Personal information
- Full name: David Lambie Black
- Born: 15 September 1883 Troon, Ayrshire, Scotland
- Died: 25 March 1974 (aged 90) North Vancouver, British Columbia, Canada
- Sporting nationality: Scotland

Career
- Status: Professional
- Professional wins: 9

Best results in major championships
- Masters Tournament: DNP
- PGA Championship: DNP
- U.S. Open: T30: 1912
- The Open Championship: CUT: 1903

Achievements and awards
- Canadian Golf Hall of Fame: 1972

= Davie Black =

Scottish golfer

David Lambie Black (15 September 1883 – 25 March 1974) was a Scottish-born professional golfer who played primarily in Canada.

== Professional career ==
Black was runner-up in the 1911 Canadian Open.

== Personal life ==
His son Ken Black won a 1936 PGA Tour event.
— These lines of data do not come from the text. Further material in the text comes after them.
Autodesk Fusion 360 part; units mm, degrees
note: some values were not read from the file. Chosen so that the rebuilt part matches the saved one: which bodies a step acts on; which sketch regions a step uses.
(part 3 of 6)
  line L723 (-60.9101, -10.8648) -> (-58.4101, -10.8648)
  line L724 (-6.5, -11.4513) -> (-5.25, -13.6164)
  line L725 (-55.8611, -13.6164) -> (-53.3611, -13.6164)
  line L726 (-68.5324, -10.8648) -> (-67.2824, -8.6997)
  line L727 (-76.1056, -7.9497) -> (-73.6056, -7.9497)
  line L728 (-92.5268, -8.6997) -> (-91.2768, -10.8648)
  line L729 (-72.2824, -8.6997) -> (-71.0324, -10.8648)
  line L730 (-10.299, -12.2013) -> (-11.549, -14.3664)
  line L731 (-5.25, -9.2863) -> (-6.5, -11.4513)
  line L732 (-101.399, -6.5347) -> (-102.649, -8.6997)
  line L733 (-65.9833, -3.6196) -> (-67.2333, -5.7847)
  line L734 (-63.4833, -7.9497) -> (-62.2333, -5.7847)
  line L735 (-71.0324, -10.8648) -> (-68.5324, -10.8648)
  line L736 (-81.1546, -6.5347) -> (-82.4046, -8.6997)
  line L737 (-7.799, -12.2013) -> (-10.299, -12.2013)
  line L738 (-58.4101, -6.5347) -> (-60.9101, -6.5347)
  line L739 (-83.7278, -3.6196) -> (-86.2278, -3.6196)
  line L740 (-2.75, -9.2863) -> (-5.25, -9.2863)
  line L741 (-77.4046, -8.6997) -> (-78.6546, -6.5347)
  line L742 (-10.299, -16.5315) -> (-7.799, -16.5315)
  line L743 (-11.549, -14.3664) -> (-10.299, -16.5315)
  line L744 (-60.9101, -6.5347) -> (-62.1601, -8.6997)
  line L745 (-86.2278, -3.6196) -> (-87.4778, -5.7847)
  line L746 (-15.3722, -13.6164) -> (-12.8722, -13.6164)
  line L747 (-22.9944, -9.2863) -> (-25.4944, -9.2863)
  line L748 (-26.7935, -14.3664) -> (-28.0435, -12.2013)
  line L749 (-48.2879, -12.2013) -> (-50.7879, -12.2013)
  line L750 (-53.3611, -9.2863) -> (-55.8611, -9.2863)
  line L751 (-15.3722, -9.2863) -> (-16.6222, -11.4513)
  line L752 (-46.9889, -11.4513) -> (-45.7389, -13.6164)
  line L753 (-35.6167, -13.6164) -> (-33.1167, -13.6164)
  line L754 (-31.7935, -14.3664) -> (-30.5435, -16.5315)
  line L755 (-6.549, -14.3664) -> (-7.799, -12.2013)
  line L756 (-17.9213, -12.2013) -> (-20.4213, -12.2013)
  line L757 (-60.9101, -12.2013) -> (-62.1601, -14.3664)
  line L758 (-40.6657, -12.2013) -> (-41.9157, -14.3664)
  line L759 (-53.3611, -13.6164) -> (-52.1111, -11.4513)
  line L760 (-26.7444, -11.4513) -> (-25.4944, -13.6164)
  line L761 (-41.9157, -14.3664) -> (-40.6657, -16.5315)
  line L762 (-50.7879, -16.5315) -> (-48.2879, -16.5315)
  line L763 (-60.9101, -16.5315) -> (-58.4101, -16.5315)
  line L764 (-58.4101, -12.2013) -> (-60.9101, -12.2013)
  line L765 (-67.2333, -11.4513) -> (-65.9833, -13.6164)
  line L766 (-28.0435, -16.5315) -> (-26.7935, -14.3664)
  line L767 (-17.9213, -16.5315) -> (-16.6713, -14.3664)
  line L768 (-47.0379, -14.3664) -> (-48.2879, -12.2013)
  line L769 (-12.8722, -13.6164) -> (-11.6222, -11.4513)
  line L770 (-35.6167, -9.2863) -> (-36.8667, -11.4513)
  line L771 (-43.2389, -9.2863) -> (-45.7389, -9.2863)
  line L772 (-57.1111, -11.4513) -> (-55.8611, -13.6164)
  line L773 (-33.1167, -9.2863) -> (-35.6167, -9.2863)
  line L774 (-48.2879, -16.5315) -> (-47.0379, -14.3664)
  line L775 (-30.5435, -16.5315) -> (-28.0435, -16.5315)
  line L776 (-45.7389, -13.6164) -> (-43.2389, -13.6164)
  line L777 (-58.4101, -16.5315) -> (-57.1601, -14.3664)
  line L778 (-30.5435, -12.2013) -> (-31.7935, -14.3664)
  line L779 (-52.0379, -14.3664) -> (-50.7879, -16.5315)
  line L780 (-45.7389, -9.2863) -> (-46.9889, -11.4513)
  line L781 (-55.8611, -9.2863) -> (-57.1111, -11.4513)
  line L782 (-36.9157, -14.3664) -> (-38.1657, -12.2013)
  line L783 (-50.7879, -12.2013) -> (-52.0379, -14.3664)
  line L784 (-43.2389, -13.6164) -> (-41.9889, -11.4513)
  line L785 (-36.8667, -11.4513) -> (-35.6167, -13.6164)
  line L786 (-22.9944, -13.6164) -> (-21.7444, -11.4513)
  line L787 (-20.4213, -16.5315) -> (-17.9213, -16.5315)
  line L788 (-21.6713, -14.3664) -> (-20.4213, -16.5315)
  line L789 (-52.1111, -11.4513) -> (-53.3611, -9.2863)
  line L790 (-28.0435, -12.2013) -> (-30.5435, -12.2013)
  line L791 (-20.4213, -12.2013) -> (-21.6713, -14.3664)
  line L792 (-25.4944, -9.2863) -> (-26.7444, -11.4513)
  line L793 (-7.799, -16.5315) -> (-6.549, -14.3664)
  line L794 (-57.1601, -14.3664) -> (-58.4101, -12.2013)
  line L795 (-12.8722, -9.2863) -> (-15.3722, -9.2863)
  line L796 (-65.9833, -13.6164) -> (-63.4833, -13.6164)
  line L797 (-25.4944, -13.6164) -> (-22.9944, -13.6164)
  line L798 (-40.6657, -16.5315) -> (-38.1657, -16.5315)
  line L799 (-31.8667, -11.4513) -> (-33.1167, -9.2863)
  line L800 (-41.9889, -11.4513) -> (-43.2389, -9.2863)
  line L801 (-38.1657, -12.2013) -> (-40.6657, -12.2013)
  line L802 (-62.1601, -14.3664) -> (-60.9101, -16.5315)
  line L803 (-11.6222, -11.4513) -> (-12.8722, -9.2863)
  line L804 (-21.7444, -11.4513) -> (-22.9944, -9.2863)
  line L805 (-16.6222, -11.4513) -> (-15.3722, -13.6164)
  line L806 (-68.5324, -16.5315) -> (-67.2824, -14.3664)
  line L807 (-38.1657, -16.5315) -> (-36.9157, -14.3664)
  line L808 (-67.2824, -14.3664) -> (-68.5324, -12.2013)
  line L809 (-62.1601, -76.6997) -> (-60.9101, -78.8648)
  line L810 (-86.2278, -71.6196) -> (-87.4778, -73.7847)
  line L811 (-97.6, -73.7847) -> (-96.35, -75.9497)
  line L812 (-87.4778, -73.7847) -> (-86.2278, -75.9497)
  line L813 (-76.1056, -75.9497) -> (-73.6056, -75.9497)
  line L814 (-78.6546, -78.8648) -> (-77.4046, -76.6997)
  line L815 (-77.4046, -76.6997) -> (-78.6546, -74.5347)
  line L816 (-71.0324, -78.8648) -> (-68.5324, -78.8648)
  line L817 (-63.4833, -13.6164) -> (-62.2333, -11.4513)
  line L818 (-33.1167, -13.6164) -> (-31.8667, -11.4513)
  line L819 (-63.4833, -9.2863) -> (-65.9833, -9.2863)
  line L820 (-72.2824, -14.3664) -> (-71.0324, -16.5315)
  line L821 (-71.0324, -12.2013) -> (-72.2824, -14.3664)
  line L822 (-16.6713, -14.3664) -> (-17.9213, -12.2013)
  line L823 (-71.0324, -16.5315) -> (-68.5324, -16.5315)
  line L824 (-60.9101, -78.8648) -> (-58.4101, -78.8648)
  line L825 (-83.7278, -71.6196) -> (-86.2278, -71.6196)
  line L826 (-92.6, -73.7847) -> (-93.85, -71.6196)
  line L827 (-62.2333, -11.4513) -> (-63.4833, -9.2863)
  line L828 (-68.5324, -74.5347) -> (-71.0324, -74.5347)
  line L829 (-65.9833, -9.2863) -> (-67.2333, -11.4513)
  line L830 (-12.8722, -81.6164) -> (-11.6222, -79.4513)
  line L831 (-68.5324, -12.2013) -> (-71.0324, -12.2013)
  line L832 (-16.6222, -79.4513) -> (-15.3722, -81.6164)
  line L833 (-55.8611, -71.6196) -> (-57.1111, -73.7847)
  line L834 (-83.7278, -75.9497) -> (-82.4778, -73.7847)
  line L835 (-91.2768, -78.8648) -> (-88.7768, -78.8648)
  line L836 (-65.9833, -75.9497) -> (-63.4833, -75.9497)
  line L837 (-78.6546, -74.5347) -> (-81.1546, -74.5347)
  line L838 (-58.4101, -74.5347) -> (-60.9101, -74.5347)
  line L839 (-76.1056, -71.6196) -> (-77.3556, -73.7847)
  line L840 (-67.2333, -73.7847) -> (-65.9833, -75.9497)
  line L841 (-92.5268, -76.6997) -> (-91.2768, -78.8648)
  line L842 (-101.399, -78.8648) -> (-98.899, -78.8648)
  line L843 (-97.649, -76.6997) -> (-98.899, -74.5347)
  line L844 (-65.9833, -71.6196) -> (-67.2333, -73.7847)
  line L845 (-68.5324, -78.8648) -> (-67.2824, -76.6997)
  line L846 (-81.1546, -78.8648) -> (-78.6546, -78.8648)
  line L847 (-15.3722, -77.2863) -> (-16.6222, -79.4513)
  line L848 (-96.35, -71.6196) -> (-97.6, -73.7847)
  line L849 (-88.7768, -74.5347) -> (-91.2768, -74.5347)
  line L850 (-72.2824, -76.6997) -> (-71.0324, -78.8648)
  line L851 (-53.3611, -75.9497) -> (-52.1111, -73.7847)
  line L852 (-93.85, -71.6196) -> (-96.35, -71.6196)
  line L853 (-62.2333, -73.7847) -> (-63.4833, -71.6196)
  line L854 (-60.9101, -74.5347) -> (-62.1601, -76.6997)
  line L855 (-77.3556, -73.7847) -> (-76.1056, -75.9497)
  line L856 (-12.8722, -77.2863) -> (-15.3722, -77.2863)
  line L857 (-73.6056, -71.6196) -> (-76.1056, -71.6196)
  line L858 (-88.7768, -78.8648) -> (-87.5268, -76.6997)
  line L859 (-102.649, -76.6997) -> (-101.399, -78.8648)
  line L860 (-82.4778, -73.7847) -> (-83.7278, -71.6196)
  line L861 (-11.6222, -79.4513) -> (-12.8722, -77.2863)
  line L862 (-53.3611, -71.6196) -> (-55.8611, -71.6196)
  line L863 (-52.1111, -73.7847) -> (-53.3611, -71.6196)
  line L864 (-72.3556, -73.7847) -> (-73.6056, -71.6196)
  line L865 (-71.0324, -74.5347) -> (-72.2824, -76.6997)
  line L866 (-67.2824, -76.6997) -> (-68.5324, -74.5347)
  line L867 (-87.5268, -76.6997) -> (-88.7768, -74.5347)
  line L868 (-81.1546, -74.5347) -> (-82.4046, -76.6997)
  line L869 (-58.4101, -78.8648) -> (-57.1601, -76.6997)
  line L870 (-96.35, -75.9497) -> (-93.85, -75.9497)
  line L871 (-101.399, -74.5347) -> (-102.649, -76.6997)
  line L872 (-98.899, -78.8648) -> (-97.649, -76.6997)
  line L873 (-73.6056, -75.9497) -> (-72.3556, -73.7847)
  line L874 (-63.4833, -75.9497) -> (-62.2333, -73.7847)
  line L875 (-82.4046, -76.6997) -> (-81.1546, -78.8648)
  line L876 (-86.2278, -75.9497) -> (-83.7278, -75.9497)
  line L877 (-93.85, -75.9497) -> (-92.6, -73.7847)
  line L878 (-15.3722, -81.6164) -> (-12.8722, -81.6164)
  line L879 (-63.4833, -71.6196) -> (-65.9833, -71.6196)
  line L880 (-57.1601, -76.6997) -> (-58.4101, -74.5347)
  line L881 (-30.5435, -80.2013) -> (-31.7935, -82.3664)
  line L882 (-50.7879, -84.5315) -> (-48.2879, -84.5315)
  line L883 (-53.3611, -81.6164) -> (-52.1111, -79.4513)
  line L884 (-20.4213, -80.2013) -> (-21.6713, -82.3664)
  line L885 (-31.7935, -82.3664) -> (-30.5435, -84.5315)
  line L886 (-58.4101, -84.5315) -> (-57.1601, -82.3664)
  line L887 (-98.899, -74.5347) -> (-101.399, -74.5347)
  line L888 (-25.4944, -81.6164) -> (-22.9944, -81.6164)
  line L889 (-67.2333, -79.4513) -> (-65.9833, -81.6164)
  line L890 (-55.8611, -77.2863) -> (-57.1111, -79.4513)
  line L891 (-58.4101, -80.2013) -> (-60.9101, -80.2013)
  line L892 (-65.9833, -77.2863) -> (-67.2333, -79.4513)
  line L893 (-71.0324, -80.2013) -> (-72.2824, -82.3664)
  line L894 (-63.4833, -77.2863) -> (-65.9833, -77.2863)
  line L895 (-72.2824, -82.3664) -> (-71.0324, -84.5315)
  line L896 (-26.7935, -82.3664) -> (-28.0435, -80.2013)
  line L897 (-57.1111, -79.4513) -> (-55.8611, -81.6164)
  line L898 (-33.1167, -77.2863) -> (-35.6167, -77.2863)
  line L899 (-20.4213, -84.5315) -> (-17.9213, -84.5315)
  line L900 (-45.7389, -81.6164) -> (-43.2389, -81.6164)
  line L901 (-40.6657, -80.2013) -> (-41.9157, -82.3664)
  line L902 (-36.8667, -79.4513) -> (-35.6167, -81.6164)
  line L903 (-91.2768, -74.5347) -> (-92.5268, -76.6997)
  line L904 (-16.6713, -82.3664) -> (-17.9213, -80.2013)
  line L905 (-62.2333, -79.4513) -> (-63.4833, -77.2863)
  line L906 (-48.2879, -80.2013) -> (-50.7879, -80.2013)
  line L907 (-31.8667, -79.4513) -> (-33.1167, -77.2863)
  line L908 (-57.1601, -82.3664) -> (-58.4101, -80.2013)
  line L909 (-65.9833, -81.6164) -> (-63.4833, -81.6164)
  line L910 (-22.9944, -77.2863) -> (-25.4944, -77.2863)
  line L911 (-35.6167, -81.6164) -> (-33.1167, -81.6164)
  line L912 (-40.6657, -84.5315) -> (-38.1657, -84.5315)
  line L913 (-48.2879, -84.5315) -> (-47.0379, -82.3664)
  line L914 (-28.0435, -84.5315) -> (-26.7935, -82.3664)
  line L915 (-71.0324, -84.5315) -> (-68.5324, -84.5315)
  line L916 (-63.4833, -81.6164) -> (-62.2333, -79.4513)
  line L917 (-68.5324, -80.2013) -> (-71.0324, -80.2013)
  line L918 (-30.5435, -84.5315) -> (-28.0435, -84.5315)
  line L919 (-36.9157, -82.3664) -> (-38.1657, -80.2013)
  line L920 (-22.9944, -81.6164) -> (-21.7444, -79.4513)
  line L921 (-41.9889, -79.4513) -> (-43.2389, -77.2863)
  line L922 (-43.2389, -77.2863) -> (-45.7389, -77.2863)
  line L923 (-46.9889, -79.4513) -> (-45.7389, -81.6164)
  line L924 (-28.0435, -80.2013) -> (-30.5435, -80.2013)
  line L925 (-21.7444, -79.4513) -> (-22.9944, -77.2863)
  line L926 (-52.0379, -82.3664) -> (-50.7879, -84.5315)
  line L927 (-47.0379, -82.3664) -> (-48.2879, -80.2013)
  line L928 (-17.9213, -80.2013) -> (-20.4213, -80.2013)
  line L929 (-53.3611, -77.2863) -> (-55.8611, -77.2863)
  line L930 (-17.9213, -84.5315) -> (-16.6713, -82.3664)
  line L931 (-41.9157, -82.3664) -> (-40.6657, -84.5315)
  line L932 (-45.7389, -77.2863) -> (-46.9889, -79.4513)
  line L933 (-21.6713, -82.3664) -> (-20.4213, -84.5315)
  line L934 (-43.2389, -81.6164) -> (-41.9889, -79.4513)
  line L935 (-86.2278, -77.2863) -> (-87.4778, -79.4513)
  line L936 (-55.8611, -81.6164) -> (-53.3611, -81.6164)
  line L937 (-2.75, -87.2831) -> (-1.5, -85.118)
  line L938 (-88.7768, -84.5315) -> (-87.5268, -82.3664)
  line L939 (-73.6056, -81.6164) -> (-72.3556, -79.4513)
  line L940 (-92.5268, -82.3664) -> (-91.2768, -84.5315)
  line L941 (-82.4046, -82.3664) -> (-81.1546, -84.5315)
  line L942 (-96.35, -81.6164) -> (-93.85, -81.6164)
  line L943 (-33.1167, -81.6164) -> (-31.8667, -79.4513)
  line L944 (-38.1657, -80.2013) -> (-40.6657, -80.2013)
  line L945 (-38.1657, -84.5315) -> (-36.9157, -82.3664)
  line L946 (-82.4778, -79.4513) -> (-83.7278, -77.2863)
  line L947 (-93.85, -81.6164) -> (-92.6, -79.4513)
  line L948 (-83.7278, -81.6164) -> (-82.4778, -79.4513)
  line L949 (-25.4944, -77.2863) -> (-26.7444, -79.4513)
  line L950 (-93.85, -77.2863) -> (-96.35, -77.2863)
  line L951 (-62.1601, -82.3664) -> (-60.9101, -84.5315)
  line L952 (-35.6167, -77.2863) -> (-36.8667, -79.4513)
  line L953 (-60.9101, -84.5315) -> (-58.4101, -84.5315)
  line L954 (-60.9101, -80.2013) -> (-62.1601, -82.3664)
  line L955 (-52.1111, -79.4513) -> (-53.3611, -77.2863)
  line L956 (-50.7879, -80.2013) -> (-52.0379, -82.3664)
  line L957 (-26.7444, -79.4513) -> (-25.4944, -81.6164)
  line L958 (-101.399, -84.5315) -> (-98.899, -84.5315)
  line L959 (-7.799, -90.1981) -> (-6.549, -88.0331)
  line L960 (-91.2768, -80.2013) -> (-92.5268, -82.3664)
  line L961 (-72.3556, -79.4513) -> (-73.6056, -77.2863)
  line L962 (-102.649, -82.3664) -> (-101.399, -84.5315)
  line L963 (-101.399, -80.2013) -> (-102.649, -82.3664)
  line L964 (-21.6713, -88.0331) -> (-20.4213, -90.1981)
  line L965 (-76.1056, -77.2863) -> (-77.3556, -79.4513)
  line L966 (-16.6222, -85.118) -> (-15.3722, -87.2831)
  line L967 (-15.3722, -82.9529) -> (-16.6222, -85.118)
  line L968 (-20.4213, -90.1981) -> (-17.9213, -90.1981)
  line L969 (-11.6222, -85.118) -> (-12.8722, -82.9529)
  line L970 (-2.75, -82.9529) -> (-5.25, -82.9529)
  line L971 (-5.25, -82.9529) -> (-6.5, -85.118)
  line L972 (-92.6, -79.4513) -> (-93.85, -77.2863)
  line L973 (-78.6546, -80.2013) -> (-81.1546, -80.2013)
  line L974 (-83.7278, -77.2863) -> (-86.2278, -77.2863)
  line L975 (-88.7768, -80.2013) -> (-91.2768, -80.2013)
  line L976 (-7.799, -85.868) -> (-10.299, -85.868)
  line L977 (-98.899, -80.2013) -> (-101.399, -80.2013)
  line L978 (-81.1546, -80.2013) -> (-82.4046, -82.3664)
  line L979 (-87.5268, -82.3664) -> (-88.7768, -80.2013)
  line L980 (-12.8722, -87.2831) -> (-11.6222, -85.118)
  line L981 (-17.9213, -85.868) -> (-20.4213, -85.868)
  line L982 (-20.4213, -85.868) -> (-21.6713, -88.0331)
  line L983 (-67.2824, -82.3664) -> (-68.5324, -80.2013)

His older brother John was also a professional golfer.

== Awards and honors ==
He is a member of the Canadian Golf Hall of Fame

==Professional wins==
Note: This list may be incomplete.

- 1913 Canadian PGA Championship
- 1919 Canadian PGA Championship
- 1920 Canadian PGA Championship, Northwest Open
- 1921 Canadian PGA Championship
- 1922 Northwest Open
- 1924 Washington Open
- 1928 British Columbia Open
- 1930 British Columbia Open

==Results in major championships==

| Tournament | 1903 | 1904 | 1905 | 1906 | 1907 | 1908 | 1909 | 1910 | 1911 | 1912 | 1913 |
|---|---|---|---|---|---|---|---|---|---|---|---|
| U.S. Open | DNP | DNP | DNP | DNP | DNP | DNP | DNP | DNP | DNP | T30 | CUT |
| The Open Championship | CUT | DNP | DNP | DNP | DNP | DNP | DNP | DNP | DNP | DNP | DNP |

Note: Black never played in the Masters Tournament or the PGA Championship.